Edwards started SB.TV 11 years ago for a simple reason: "There wasn't anything online." Today, SB.TV boasts more than 900,000 subscribers. Its five most-watched uploads — music videos by artists like Nines and YXNG BANE — all top 10 million views.
“I had a lot of mates that couldn't get played on mainstream platforms,” explains Edwards of his channel’s origins. “So I thought I'd create something where I can film my friends and upload it to YouTube." He knew he'd made it when artists outside his circle requested to be featured too. A decade later, SB.TV has organized events at Buckingham Palace. Edwards has even been appointed MBE.
But YouTube offers more than just distribution. The format has helped shape the sound, look, and attitude of the genre's biggest stars. One such artist is Lady Leshurr, a 28-year-old MC best known for her “Queen’s Speech” freestyles. Already an established voice in grime, Leshurr got the idea for the series watching videos online.
“I used to watch a lot of battle rap,” she explains. “And I always used to think [the MCs are] amazing but why are they not known? Then I thought that the reason they are probably not known is because they’re not making songs, so if they did battle rapper verses and a catchy little chorus it would probably be better. And I said, maybe I could do battle rap lyrics in the verse and then do a catchy chorus and see what happens.”
What happened was the “Queen's Speech” series, a collection of sharp, funny freestyles that quickly went viral, helped along by videos that were as confident, challenging, and playful as the music. To date, the series has over 100 million views, with Leshurr’s channel netting over 750,000 subscribers.
“YouTube is an amazing platform for any type of music,” notes Leshurr. “It's something where everyone can access it. You share things for the public to see. It's been a really good platform for me, just getting my music out there. You see visuals and you can leave comments and subscribe.”
“[YouTube] could influence how you want to take the next video,” says Edwards. “Or it could influence how you even do videos, or who to feature. I look at the comments to gain feedback, and also as a good thing for the artist as well, which I think is important.”

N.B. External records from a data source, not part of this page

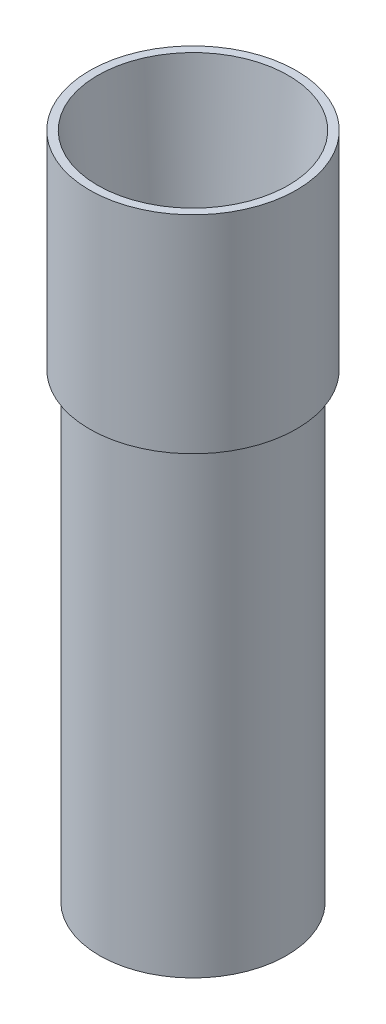
ISO-10303-21;
HEADER;
FILE_DESCRIPTION(('STEP AP214'),'2;1');
FILE_NAME('part.step','',(''),(''),'','','');
FILE_SCHEMA(('AUTOMOTIVE_DESIGN { 1 0 10303 214 1 1 1 1 }'));
ENDSEC;
DATA;
#1=APPLICATION_CONTEXT('core data for automotive mechanical design processes');
#2=APPLICATION_PROTOCOL_DEFINITION('international standard','automotive_design',2000,#1);
#3=PRODUCT_CONTEXT('',#1,'mechanical');
#4=PRODUCT('Part','Part','',(#3));
#5=PRODUCT_RELATED_PRODUCT_CATEGORY('part','',(#4));
#6=PRODUCT_DEFINITION_FORMATION('','',#4);
#7=PRODUCT_DEFINITION_CONTEXT('part definition',#1,'design');
#8=PRODUCT_DEFINITION('design','',#6,#7);
#9=PRODUCT_DEFINITION_SHAPE('','',#8);
#10=(LENGTH_UNIT() NAMED_UNIT(*) SI_UNIT(.MILLI.,.METRE.));
#11=(NAMED_UNIT(*) PLANE_ANGLE_UNIT() SI_UNIT($,.RADIAN.));
#12=(NAMED_UNIT(*) SI_UNIT($,.STERADIAN.) SOLID_ANGLE_UNIT());
#13=UNCERTAINTY_MEASURE_WITH_UNIT(LENGTH_MEASURE(1.E-05),#10,'distance_accuracy_value','');
#14=(GEOMETRIC_REPRESENTATION_CONTEXT(3) GLOBAL_UNCERTAINTY_ASSIGNED_CONTEXT((#13)) GLOBAL_UNIT_ASSIGNED_CONTEXT((#10,
#11,#12)) REPRESENTATION_CONTEXT('',''));
#15=CARTESIAN_POINT('',(0.,0.,0.));
#16=DIRECTION('',(0.,0.,1.));
#17=DIRECTION('',(1.,0.,0.));
#18=AXIS2_PLACEMENT_3D('',#15,#16,#17);
#19=CARTESIAN_POINT('',(0.,-82.,0.));
#20=DIRECTION('',(0.,1.,0.));
#21=DIRECTION('',(0.,0.,1.));
#22=AXIS2_PLACEMENT_3D('',#19,#20,#21);
#23=CYLINDRICAL_SURFACE('',#22,12.7);
#24=CARTESIAN_POINT('',(0.,-25.4067885119402,0.));
#25=DIRECTION('',(0.,1.,0.));
#26=DIRECTION('',(0.,0.,1.));
#27=AXIS2_PLACEMENT_3D('',#24,#25,#26);
#28=CIRCLE('',#27,12.7);
#29=CARTESIAN_POINT('',(0.,-25.4067885119402,12.7));
#30=VERTEX_POINT('',#29);
#31=EDGE_CURVE('E35',#30,#30,#28,.F.);
#32=ORIENTED_EDGE('',*,*,#31,.F.);
#33=EDGE_LOOP('',(#32));
#34=FACE_BOUND('',#33,.T.);
#35=CARTESIAN_POINT('',(0.,0.,0.));
#36=DIRECTION('',(0.,1.,0.));
#37=DIRECTION('',(0.,0.,1.));
#38=AXIS2_PLACEMENT_3D('',#35,#36,#37);
#39=CIRCLE('',#38,12.7);
#40=CARTESIAN_POINT('',(0.,0.,12.7));
#41=VERTEX_POINT('',#40);
#42=EDGE_CURVE('E11',#41,#41,#39,.T.);
#43=ORIENTED_EDGE('',*,*,#42,.F.);
#44=EDGE_LOOP('',(#43));
#45=FACE_BOUND('',#44,.T.);
#46=ADVANCED_FACE('F32',(#34,#45),#23,.T.);
#47=CARTESIAN_POINT('',(0.,0.,0.));
#48=DIRECTION('',(0.,1.,0.));
#49=DIRECTION('',(0.,0.,1.));
#50=AXIS2_PLACEMENT_3D('',#47,#48,#49);
#51=PLANE('',#50);
#52=CARTESIAN_POINT('',(0.,0.,0.));
#53=DIRECTION('',(0.,1.,0.));
#54=DIRECTION('',(0.,0.,1.));
#55=AXIS2_PLACEMENT_3D('',#52,#53,#54);
#56=CIRCLE('',#55,11.7);
#57=CARTESIAN_POINT('',(0.,0.,11.7));
#58=VERTEX_POINT('',#57);
#59=EDGE_CURVE('E39',#58,#58,#56,.T.);
#60=ORIENTED_EDGE('',*,*,#59,.F.);
#61=EDGE_LOOP('',(#60));
#62=FACE_BOUND('',#61,.T.);
#63=ORIENTED_EDGE('',*,*,#42,.T.);
#64=EDGE_LOOP('',(#63));
#65=FACE_BOUND('',#64,.T.);
#66=ADVANCED_FACE('F66',(#62,#65),#51,.T.);
#67=CARTESIAN_POINT('',(0.,0.,0.));
#68=DIRECTION('',(0.,1.,0.));
#69=DIRECTION('',(0.,0.,1.));
#70=AXIS2_PLACEMENT_3D('',#67,#68,#69);
#71=CONICAL_SURFACE('',#70,11.7,0.0872664625997167);
#72=CARTESIAN_POINT('',(0.,-25.4,0.));
#73=DIRECTION('',(0.,1.,0.));
#74=DIRECTION('',(0.,0.,1.));
#75=AXIS2_PLACEMENT_3D('',#72,#73,#74);
#76=CIRCLE('',#75,9.47778794644152);
#77=CARTESIAN_POINT('',(0.,-25.4,9.47778794644152));
#78=VERTEX_POINT('',#77);
#79=EDGE_CURVE('E46',#78,#78,#76,.T.);
#80=ORIENTED_EDGE('',*,*,#79,.F.);
#81=EDGE_LOOP('',(#80));
#82=FACE_BOUND('',#81,.T.);
#83=ORIENTED_EDGE('',*,*,#59,.T.);
#84=EDGE_LOOP('',(#83));
#85=FACE_BOUND('',#84,.T.);
#86=ADVANCED_FACE('F70',(#82,#85),#71,.F.);
#87=CARTESIAN_POINT('',(0.,-78.78,0.));
#88=DIRECTION('',(0.,1.,0.));
#89=DIRECTION('',(0.,0.,1.));
#90=AXIS2_PLACEMENT_3D('',#87,#88,#89);
#91=CYLINDRICAL_SURFACE('',#90,9.47778794644152);
#92=CARTESIAN_POINT('',(0.,-78.78,0.));
#93=DIRECTION('',(0.,1.,0.));
#94=DIRECTION('',(0.,0.,1.));
#95=AXIS2_PLACEMENT_3D('',#92,#93,#94);
#96=CIRCLE('',#95,9.47778794644152);
#97=CARTESIAN_POINT('',(0.,-78.78,9.47778794644152));
#98=VERTEX_POINT('',#97);
#99=EDGE_CURVE('E43',#98,#98,#96,.T.);
#100=CARTESIAN_POINT('',(0.,-78.78,9.47778794644152));
#101=CARTESIAN_POINT('',(0.,-78.2239583333333,9.47778794644152));
#102=CARTESIAN_POINT('',(0.,-77.6679166666667,9.47778794644152));
#103=CARTESIAN_POINT('',(0.,-76.5558333333333,9.47778794644152));
#104=CARTESIAN_POINT('',(0.,-75.9997916666667,9.47778794644152));
#105=CARTESIAN_POINT('',(0.,-74.8877083333334,9.47778794644152));
#106=CARTESIAN_POINT('',(0.,-74.3316666666667,9.47778794644152));
#107=CARTESIAN_POINT('',(0.,-73.2195833333333,9.47778794644152));
#108=CARTESIAN_POINT('',(0.,-72.6635416666667,9.47778794644152));
#109=CARTESIAN_POINT('',(0.,-71.5514583333333,9.47778794644152));
#110=CARTESIAN_POINT('',(0.,-70.9954166666667,9.47778794644152));
#111=CARTESIAN_POINT('',(0.,-69.8833333333333,9.47778794644152));
#112=CARTESIAN_POINT('',(0.,-69.3272916666667,9.47778794644152));
#113=CARTESIAN_POINT('',(0.,-68.2152083333334,9.47778794644152));
#114=CARTESIAN_POINT('',(0.,-67.6591666666667,9.47778794644152));
#115=CARTESIAN_POINT('',(0.,-66.5470833333333,9.47778794644152));
#116=CARTESIAN_POINT('',(0.,-65.9910416666667,9.47778794644152));
#117=CARTESIAN_POINT('',(0.,-64.8789583333333,9.47778794644152));
#118=CARTESIAN_POINT('',(0.,-64.3229166666667,9.47778794644152));
#119=CARTESIAN_POINT('',(0.,-63.2108333333333,9.47778794644152));
#120=CARTESIAN_POINT('',(0.,-62.6547916666667,9.47778794644152));
#121=CARTESIAN_POINT('',(0.,-61.5427083333333,9.47778794644152));
#122=CARTESIAN_POINT('',(0.,-60.9866666666667,9.47778794644152));
#123=CARTESIAN_POINT('',(0.,-59.8745833333333,9.47778794644152));
#124=CARTESIAN_POINT('',(0.,-59.3185416666667,9.47778794644152));
#125=CARTESIAN_POINT('',(0.,-58.2064583333333,9.47778794644152));
#126=CARTESIAN_POINT('',(0.,-57.6504166666667,9.47778794644152));
#127=CARTESIAN_POINT('',(0.,-56.5383333333333,9.47778794644152));
#128=CARTESIAN_POINT('',(0.,-55.9822916666667,9.47778794644152));
#129=CARTESIAN_POINT('',(0.,-54.8702083333333,9.47778794644152));
#130=CARTESIAN_POINT('',(0.,-54.3141666666667,9.47778794644152));
#131=CARTESIAN_POINT('',(0.,-53.2020833333333,9.47778794644152));
#132=CARTESIAN_POINT('',(0.,-52.6460416666667,9.47778794644152));
#133=CARTESIAN_POINT('',(0.,-51.5339583333333,9.47778794644152));
#134=CARTESIAN_POINT('',(0.,-50.9779166666667,9.47778794644152));
#135=CARTESIAN_POINT('',(0.,-49.8658333333333,9.47778794644152));
#136=CARTESIAN_POINT('',(0.,-49.3097916666667,9.47778794644152));
#137=CARTESIAN_POINT('',(0.,-48.1977083333333,9.47778794644152));
#138=CARTESIAN_POINT('',(0.,-47.6416666666667,9.47778794644152));
#139=CARTESIAN_POINT('',(0.,-46.5295833333333,9.47778794644152));
#140=CARTESIAN_POINT('',(0.,-45.9735416666667,9.47778794644152));
#141=CARTESIAN_POINT('',(0.,-44.8614583333333,9.47778794644152));
#142=CARTESIAN_POINT('',(0.,-44.3054166666667,9.47778794644152));
#143=CARTESIAN_POINT('',(0.,-43.1933333333333,9.47778794644152));
#144=CARTESIAN_POINT('',(0.,-42.6372916666667,9.47778794644152));
#145=CARTESIAN_POINT('',(0.,-41.5252083333333,9.47778794644152));
#146=CARTESIAN_POINT('',(0.,-40.9691666666667,9.47778794644152));
#147=CARTESIAN_POINT('',(0.,-39.8570833333333,9.47778794644152));
#148=CARTESIAN_POINT('',(0.,-39.3010416666667,9.47778794644152));
#149=CARTESIAN_POINT('',(0.,-38.1889583333333,9.47778794644152));
#150=CARTESIAN_POINT('',(0.,-37.6329166666667,9.47778794644152));
#151=CARTESIAN_POINT('',(0.,-36.5208333333333,9.47778794644152));
#152=CARTESIAN_POINT('',(0.,-35.9647916666667,9.47778794644152));
#153=CARTESIAN_POINT('',(0.,-34.8527083333333,9.47778794644152));
#154=CARTESIAN_POINT('',(0.,-34.2966666666667,9.47778794644152));
#155=CARTESIAN_POINT('',(0.,-33.1845833333333,9.47778794644152));
#156=CARTESIAN_POINT('',(0.,-32.6285416666667,9.47778794644152));
#157=CARTESIAN_POINT('',(0.,-31.5164583333333,9.47778794644152));
#158=CARTESIAN_POINT('',(0.,-30.9604166666667,9.47778794644152));
#159=CARTESIAN_POINT('',(0.,-29.8483333333333,9.47778794644152));
#160=CARTESIAN_POINT('',(0.,-29.2922916666667,9.47778794644152));
#161=CARTESIAN_POINT('',(0.,-28.1802083333333,9.47778794644152));
#162=CARTESIAN_POINT('',(0.,-27.6241666666667,9.47778794644152));
#163=CARTESIAN_POINT('',(0.,-26.5120833333333,9.47778794644152));
#164=CARTESIAN_POINT('',(0.,-25.9560416666667,9.47778794644152));
#165=CARTESIAN_POINT('',(0.,-25.4,9.47778794644152));
#166=B_SPLINE_CURVE_WITH_KNOTS('',3,(#100,#101,#102,#103,#104,#105,#106,#107,#108,#109,#110,
#111,#112,#113,#114,#115,#116,#117,#118,#119,#120,#121,#122,#123,#124,#125,#126,#127,#128,#129,
#130,#131,#132,#133,#134,#135,#136,#137,#138,#139,#140,#141,#142,#143,#144,#145,#146,#147,#148,
#149,#150,#151,#152,#153,#154,#155,#156,#157,#158,#159,#160,#161,#162,#163,#164,#165),
.UNSPECIFIED.,.F.,.F.,(4,2,2,2,2,2,2,2,2,2,2,2,2,2,2,2,2,2,2,2,2,2,2,2,2,2,2,2,2,2,2,2,4),(0.,
1.66812499999999,3.33625,5.00437499999999,6.6725,8.34062499999999,10.00875,11.676875,13.345,
15.013125,16.68125,18.349375,20.0175,21.685625,23.35375,25.021875,26.69,28.358125,30.02625,
31.694375,33.3625,35.030625,36.69875,38.366875,40.035,41.703125,43.37125,45.039375,46.7075,
48.375625,50.04375,51.711875,53.38),.UNSPECIFIED.);
#167=EDGE_CURVE('BSEAM75',#98,#78,#166,.T.);
#168=ORIENTED_EDGE('',*,*,#99,.F.);
#169=ORIENTED_EDGE('',*,*,#79,.T.);
#170=ORIENTED_EDGE('',*,*,#167,.T.);
#171=ORIENTED_EDGE('',*,*,#167,.F.);
#172=EDGE_LOOP('',(#168,#170,#169,#171));
#173=FACE_BOUND('',#172,.T.);
#174=ADVANCED_FACE('F75',(#173),#91,.F.);
#175=CARTESIAN_POINT('',(0.,-78.78,0.));
#176=DIRECTION('',(0.,1.,0.));
#177=DIRECTION('',(0.,0.,1.));
#178=AXIS2_PLACEMENT_3D('',#175,#176,#177);
#179=PLANE('',#178);
#180=ORIENTED_EDGE('',*,*,#99,.T.);
#181=EDGE_LOOP('',(#180));
#182=FACE_BOUND('',#181,.T.);
#183=ADVANCED_FACE('F87',(#182),#179,.T.);
#184=CARTESIAN_POINT('',(0.,-25.4067885119402,0.));
#185=DIRECTION('',(0.,1.,0.));
#186=DIRECTION('',(0.,0.,1.));
#187=AXIS2_PLACEMENT_3D('',#184,#185,#186);
#188=PLANE('',#187);
#189=ORIENTED_EDGE('',*,*,#31,.T.);
#190=EDGE_LOOP('',(#189));
#191=FACE_BOUND('',#190,.T.);
#192=CARTESIAN_POINT('',(0.,-25.4067885119402,0.));
#193=DIRECTION('',(0.,1.,0.));
#194=DIRECTION('',(0.,0.,1.));
#195=AXIS2_PLACEMENT_3D('',#192,#193,#194);
#196=CIRCLE('',#195,11.4777879464415);
#197=CARTESIAN_POINT('',(0.,-25.4067885119402,11.4777879464415));
#198=VERTEX_POINT('',#197);
#199=EDGE_CURVE('E51',#198,#198,#196,.T.);
#200=ORIENTED_EDGE('',*,*,#199,.T.);
#201=EDGE_LOOP('',(#200));
#202=FACE_BOUND('',#201,.T.);
#203=ADVANCED_FACE('F61',(#191,#202),#188,.F.);
#204=CARTESIAN_POINT('',(0.,-82.,0.));
#205=DIRECTION('',(0.,1.,0.));
#206=DIRECTION('',(0.,0.,1.));
#207=AXIS2_PLACEMENT_3D('',#204,#205,#206);
#208=CYLINDRICAL_SURFACE('',#207,11.4777879464415);
#209=CARTESIAN_POINT('',(0.,-82.,0.));
#210=DIRECTION('',(0.,1.,0.));
#211=DIRECTION('',(0.,0.,1.));
#212=AXIS2_PLACEMENT_3D('',#209,#210,#211);
#213=CIRCLE('',#212,11.4777879464415);
#214=CARTESIAN_POINT('',(0.,-82.,11.4777879464415));
#215=VERTEX_POINT('',#214);
#216=EDGE_CURVE('E54',#215,#215,#213,.T.);
#217=ORIENTED_EDGE('',*,*,#216,.T.);
#218=EDGE_LOOP('',(#217));
#219=FACE_BOUND('',#218,.T.);
#220=ORIENTED_EDGE('',*,*,#199,.F.);
#221=EDGE_LOOP('',(#220));
#222=FACE_BOUND('',#221,.T.);
#223=ADVANCED_FACE('F82',(#219,#222),#208,.T.);
#224=CARTESIAN_POINT('',(0.,-82.,0.));
#225=DIRECTION('',(0.,1.,0.));
#226=DIRECTION('',(0.,0.,1.));
#227=AXIS2_PLACEMENT_3D('',#224,#225,#226);
#228=PLANE('',#227);
#229=ORIENTED_EDGE('',*,*,#216,.F.);
#230=EDGE_LOOP('',(#229));
#231=FACE_BOUND('',#230,.T.);
#232=ADVANCED_FACE('F80',(#231),#228,.F.);
#233=CLOSED_SHELL('',(#46,#66,#86,#174,#183,#203,#223,#232));
#234=MANIFOLD_SOLID_BREP('B2',#233);
#235=ADVANCED_BREP_SHAPE_REPRESENTATION('',(#18,#234),#14);
#236=SHAPE_DEFINITION_REPRESENTATION(#9,#235);
ENDSEC;
END-ISO-10303-21;

The community that’s sprung up on YouTube around the grime scene in the last decade has created this kind of positive feedback loop that Edwards describes. The platform has helped local artists gain worldwide exposure, and has helped fans to discover new music, as well as each other. These in turn feed back into the scene, leading to new songs, new images, new channels, and ultimately new ideas, such as the Stormzy and Jackson’s “Gang Signs & Prayer.”
“Grime is one of the most exciting genres in the world and I’m ecstatic that trailblazers like Stormzy are garnering the success and recognition they deserve. The rise of grime is a perfect example of how YouTube is a place for artists to express themselves creatively and a democratic platform to access a global fanbase,” explains Lyor Cohen, YouTube’s Global Head of Music. “We want to help both artists and the industry make the most of technology, and this project is an ideal symbol of that: a groundbreaking film that blends music, art and story in new way and it’s accessible to all on YouTube.”
“YouTube is a modern-day, universal jukebox,” adds the film’s director, Rollo Jackson. “It’s a platform without filter or prejudice. This film won’t just live on a particular website, or within a particular circle of friends. People anywhere in the world will have access to it. That’s a rare opportunity, to be able to make something this ambitious with almost no limitations.”